Research · Long-context
1M tokens. Same hardware.
Three years of research on attention sparsity, KV-cache compression, and prefix caching, packaged into the long-context endpoints in our managed inference product. The result is million-token context windows that cost roughly the same as 8K-token serving on the same hardware.
Headline result
6.2x compute reduction. 99% of dense-attention quality.
Approach
Three pieces of the puzzle.
Learned sparse attention
A workload-calibrated sparsity pattern that drops attention compute by 6x at 1M tokens while preserving 99% of dense quality on RULER. Calibration uses 200 sample completions per workload class.
KV-cache compression
Layer-wise bit allocation derived from a sensitivity analysis. Mixed FP8/INT4 quantization of the KV cache. Memory footprint reduced 3.4x with measured-zero MT-Bench regression.
Tiered prefix caching
Treats KV-cache reuse as a memory hierarchy problem. Cross-request prefix caches in HBM, NVMe, and remote object storage. 7.8x throughput on shared-prefix workloads in production traces.
In production
Available as one API parameter.
Long-context endpoints are first-class in the managed inference product. There is no separate model or deployment — pass attention="iframe/learned-sparse" and the runtime selects the calibrated pattern for the workload.

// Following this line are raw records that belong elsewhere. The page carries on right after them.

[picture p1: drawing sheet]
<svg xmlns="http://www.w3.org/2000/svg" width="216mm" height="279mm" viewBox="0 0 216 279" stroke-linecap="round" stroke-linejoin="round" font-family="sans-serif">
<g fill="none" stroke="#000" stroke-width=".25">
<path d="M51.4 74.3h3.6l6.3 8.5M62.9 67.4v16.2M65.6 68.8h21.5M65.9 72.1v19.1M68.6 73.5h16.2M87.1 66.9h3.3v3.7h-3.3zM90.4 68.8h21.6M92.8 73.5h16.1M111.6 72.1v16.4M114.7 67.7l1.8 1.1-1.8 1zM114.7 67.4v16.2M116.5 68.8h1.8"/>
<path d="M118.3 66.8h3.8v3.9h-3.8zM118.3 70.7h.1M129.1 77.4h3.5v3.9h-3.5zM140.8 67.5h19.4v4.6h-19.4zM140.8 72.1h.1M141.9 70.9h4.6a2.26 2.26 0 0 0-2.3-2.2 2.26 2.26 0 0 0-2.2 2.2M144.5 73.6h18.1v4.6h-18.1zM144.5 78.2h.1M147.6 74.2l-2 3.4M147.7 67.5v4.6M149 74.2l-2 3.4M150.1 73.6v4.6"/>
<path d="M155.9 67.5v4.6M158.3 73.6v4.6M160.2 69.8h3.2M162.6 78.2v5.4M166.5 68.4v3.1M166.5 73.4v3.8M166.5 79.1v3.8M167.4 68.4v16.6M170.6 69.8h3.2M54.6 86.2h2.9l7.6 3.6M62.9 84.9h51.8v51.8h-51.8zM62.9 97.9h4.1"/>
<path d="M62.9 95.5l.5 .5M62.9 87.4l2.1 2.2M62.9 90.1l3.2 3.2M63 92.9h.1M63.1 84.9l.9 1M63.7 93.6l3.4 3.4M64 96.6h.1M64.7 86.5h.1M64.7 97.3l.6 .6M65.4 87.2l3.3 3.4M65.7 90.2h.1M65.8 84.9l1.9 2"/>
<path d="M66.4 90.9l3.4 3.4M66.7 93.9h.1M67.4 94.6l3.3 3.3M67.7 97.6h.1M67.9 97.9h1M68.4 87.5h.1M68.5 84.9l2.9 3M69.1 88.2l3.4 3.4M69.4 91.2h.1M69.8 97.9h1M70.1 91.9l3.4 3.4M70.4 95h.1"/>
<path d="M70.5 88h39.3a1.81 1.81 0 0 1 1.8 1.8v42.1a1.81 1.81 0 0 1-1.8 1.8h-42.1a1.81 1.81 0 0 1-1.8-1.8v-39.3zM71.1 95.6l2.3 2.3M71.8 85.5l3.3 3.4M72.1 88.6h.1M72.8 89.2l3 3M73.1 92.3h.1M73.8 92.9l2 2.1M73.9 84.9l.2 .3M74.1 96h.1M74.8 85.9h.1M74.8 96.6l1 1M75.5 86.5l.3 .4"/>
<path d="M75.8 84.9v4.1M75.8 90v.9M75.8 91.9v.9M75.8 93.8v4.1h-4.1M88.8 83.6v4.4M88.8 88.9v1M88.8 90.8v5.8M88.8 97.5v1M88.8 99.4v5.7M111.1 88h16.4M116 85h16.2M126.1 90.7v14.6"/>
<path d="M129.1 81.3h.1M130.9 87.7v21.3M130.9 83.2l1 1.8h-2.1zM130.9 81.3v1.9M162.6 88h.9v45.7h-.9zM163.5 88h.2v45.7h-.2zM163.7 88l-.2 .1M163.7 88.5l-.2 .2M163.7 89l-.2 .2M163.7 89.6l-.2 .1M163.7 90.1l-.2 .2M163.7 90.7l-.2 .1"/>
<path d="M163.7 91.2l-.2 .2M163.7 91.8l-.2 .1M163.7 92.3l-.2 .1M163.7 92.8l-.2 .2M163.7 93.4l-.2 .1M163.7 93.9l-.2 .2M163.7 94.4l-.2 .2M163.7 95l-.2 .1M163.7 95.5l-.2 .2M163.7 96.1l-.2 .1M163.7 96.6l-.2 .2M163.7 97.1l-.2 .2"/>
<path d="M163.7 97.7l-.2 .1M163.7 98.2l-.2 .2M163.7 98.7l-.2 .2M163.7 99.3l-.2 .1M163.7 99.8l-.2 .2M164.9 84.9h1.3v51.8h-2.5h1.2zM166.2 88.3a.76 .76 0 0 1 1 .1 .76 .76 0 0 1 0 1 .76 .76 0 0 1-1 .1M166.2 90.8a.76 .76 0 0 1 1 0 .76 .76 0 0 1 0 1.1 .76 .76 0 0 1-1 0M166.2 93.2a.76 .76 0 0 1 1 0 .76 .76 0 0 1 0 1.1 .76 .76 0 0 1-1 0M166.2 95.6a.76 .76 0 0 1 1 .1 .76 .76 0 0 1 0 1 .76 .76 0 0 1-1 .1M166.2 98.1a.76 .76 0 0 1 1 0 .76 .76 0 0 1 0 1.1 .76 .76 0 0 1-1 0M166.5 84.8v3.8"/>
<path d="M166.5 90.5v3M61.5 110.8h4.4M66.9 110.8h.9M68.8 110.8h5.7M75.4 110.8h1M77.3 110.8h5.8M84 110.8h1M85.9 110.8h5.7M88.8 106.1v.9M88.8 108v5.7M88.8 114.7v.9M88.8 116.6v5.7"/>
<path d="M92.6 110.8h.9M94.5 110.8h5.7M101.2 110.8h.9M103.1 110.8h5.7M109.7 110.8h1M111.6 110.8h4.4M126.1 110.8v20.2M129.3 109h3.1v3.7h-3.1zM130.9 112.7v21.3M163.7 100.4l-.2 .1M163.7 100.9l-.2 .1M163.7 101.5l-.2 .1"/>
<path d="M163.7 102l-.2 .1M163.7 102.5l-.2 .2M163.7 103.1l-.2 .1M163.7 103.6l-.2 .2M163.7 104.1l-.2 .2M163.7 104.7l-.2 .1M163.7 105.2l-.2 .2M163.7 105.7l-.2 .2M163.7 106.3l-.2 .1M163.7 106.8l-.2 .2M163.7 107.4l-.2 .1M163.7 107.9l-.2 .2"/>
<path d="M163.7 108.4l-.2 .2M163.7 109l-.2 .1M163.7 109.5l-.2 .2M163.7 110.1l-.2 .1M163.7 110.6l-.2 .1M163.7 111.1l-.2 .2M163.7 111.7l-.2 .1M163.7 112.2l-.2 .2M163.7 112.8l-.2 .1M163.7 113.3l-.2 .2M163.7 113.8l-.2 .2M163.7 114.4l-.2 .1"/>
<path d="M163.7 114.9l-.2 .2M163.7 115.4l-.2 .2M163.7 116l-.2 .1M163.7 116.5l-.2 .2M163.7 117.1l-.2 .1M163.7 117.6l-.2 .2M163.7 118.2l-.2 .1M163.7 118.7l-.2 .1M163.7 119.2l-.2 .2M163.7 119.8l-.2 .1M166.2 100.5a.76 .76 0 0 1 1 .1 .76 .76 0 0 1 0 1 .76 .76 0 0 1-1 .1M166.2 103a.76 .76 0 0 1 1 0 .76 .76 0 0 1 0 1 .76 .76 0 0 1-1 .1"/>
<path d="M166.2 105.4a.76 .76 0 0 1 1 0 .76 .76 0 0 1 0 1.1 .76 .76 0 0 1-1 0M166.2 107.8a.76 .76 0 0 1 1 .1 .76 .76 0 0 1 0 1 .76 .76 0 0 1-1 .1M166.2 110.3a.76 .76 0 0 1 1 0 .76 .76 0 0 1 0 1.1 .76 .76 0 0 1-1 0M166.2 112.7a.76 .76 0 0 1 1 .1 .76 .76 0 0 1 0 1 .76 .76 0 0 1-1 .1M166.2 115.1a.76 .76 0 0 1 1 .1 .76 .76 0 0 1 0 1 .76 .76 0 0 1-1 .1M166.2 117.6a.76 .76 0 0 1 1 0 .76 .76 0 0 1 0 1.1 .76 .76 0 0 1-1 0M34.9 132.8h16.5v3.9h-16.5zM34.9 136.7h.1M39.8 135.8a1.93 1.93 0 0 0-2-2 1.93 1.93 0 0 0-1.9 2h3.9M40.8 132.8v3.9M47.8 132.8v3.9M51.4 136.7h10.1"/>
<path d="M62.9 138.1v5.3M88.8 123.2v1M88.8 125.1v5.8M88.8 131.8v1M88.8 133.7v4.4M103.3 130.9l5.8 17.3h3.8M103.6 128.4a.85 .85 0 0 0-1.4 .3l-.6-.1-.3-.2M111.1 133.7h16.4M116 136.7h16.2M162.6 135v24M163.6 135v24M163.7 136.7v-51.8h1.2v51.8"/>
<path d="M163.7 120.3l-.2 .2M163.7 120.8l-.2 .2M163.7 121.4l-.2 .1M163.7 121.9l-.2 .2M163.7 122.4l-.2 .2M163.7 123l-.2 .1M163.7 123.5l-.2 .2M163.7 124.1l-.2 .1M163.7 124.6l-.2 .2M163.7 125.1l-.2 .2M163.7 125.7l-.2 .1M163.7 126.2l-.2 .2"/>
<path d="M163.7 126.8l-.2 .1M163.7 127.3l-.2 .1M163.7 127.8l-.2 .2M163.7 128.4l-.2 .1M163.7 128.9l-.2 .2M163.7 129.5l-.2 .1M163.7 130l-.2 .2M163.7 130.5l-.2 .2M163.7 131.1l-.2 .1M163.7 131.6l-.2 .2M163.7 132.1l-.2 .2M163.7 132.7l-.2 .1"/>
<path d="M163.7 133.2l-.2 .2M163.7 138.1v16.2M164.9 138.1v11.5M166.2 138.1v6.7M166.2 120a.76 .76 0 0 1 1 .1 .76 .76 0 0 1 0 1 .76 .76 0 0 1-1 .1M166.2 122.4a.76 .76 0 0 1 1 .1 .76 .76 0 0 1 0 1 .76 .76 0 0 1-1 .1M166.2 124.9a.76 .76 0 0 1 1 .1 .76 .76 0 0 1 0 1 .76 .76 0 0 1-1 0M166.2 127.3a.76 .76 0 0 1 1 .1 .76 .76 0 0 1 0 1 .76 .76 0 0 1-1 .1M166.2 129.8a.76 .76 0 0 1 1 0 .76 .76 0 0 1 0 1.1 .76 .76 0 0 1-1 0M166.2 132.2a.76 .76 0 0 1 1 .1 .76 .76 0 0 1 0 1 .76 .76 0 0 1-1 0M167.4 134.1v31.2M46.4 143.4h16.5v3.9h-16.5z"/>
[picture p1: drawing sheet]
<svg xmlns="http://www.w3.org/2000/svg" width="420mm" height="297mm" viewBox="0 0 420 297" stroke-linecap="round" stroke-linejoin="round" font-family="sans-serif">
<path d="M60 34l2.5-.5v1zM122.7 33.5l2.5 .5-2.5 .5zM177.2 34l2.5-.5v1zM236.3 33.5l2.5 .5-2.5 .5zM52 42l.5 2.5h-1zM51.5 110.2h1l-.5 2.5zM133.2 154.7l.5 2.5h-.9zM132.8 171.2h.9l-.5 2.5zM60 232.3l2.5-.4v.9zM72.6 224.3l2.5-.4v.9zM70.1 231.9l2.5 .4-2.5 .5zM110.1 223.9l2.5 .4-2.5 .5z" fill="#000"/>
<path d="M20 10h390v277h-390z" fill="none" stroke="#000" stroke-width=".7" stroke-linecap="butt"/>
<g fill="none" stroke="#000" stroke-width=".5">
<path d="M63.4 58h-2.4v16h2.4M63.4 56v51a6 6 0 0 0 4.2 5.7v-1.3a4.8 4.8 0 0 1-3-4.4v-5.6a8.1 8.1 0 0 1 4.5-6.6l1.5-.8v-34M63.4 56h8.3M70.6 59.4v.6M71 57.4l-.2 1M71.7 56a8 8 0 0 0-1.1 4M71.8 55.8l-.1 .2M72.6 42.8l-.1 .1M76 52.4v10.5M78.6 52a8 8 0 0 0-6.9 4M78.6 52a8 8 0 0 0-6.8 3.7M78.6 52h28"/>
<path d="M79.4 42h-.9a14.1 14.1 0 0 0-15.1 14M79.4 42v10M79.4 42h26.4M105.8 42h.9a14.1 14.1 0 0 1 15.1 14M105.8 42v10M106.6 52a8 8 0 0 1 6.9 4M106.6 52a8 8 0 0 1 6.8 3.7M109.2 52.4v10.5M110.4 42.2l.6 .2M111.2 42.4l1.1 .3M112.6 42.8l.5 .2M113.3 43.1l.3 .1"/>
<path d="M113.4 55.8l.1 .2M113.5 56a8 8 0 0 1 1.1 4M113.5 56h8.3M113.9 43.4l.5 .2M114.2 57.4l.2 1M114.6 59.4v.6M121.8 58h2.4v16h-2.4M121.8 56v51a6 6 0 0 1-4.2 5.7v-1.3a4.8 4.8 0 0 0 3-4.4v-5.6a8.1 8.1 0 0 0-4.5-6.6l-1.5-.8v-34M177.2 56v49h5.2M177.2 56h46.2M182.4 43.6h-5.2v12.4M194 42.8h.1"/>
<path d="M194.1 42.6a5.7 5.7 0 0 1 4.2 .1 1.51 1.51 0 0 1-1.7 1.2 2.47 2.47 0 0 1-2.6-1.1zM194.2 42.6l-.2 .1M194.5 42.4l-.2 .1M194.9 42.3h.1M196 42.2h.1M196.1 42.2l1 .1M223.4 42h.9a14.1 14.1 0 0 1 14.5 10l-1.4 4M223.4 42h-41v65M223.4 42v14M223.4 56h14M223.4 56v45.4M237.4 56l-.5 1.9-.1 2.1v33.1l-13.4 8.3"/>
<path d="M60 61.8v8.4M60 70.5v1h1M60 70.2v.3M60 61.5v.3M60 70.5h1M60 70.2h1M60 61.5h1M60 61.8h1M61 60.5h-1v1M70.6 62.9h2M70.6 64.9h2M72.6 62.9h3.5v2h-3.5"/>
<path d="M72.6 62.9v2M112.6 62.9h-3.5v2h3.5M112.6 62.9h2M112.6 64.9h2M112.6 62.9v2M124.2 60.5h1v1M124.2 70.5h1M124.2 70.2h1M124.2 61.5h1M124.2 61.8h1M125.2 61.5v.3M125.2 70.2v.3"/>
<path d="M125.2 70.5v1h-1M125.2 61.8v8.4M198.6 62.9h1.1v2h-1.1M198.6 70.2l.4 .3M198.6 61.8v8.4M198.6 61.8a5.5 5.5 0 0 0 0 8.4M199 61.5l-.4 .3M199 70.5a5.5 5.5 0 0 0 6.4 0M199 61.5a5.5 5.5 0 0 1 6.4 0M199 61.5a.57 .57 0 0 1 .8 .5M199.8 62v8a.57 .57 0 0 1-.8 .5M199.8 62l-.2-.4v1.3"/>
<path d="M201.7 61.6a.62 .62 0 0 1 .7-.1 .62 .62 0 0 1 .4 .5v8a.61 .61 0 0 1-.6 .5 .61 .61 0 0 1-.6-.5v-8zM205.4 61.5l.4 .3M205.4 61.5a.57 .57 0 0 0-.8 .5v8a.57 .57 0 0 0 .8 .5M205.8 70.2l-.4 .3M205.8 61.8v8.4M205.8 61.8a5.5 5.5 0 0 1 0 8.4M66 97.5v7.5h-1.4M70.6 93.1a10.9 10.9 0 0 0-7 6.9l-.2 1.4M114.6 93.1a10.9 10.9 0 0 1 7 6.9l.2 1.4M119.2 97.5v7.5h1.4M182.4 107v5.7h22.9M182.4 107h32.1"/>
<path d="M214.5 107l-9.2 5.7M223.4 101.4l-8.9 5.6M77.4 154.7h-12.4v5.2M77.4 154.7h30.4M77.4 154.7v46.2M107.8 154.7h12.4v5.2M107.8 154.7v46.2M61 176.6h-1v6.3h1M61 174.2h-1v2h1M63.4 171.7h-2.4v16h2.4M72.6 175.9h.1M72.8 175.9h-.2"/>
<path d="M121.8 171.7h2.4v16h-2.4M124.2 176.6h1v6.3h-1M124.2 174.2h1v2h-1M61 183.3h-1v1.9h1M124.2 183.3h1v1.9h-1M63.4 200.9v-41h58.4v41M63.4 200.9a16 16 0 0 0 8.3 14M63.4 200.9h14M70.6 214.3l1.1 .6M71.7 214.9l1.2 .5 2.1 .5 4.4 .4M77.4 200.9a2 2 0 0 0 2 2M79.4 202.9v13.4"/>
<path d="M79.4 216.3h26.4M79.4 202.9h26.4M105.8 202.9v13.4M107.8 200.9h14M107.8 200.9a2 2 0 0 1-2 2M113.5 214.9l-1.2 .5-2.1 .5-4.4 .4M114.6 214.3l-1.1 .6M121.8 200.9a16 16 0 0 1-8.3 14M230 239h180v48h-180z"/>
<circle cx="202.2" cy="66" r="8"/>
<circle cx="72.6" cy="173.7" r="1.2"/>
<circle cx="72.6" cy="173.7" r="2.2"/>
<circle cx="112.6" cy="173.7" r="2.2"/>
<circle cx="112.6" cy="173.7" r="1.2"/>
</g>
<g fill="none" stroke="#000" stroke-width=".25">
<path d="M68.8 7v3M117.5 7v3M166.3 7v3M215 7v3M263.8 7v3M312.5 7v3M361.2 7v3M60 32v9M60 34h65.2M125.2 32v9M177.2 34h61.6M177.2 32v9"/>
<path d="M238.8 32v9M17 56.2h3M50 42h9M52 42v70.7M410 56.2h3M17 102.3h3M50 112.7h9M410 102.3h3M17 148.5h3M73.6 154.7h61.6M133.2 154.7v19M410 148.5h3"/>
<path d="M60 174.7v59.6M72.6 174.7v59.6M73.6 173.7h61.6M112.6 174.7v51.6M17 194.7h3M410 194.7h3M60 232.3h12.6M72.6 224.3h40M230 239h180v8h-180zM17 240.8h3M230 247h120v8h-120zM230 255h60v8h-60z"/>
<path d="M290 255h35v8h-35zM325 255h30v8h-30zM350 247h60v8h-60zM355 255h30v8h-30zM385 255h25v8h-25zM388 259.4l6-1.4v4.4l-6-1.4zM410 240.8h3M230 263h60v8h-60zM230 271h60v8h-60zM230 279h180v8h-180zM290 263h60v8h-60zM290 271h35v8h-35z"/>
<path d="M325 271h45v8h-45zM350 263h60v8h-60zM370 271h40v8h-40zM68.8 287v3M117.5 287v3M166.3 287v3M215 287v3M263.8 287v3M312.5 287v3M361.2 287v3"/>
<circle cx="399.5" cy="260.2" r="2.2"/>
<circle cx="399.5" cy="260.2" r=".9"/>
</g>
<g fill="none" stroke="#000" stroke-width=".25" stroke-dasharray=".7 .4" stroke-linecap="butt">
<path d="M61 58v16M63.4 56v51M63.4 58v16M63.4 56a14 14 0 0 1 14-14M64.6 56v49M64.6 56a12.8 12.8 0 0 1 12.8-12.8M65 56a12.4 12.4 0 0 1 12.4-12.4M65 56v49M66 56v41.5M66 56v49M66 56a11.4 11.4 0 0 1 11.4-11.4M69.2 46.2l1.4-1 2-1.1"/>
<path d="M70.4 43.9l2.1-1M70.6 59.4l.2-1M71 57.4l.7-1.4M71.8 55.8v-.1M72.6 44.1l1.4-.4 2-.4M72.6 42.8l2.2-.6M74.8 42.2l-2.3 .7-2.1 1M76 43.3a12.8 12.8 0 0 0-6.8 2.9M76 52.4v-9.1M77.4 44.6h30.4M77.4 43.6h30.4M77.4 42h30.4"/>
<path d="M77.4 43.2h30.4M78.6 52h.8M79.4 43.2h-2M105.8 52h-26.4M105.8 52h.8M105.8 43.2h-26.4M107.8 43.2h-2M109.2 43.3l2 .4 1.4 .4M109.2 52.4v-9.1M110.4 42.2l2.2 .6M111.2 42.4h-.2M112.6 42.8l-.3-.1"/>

The pricing is the same as our standard 8K endpoints, plus a small surcharge above 128K to cover the KV cache. You will not see a 100x bill for switching context length.
from iframe import inference
# A 1M-token context window is a single API parameter.
client = inference.Client()
response = client.completions.create(
model="iframe/llama-3.1-70b-1m",
messages=[
{"role": "system", "content": SYSTEM_PROMPT},
{"role": "user", "content": load_repository("./monorepo")},
{"role": "user", "content": "Find the bug in the auth module."},
],
# Sparse attention pattern is selected per-request, not per-model.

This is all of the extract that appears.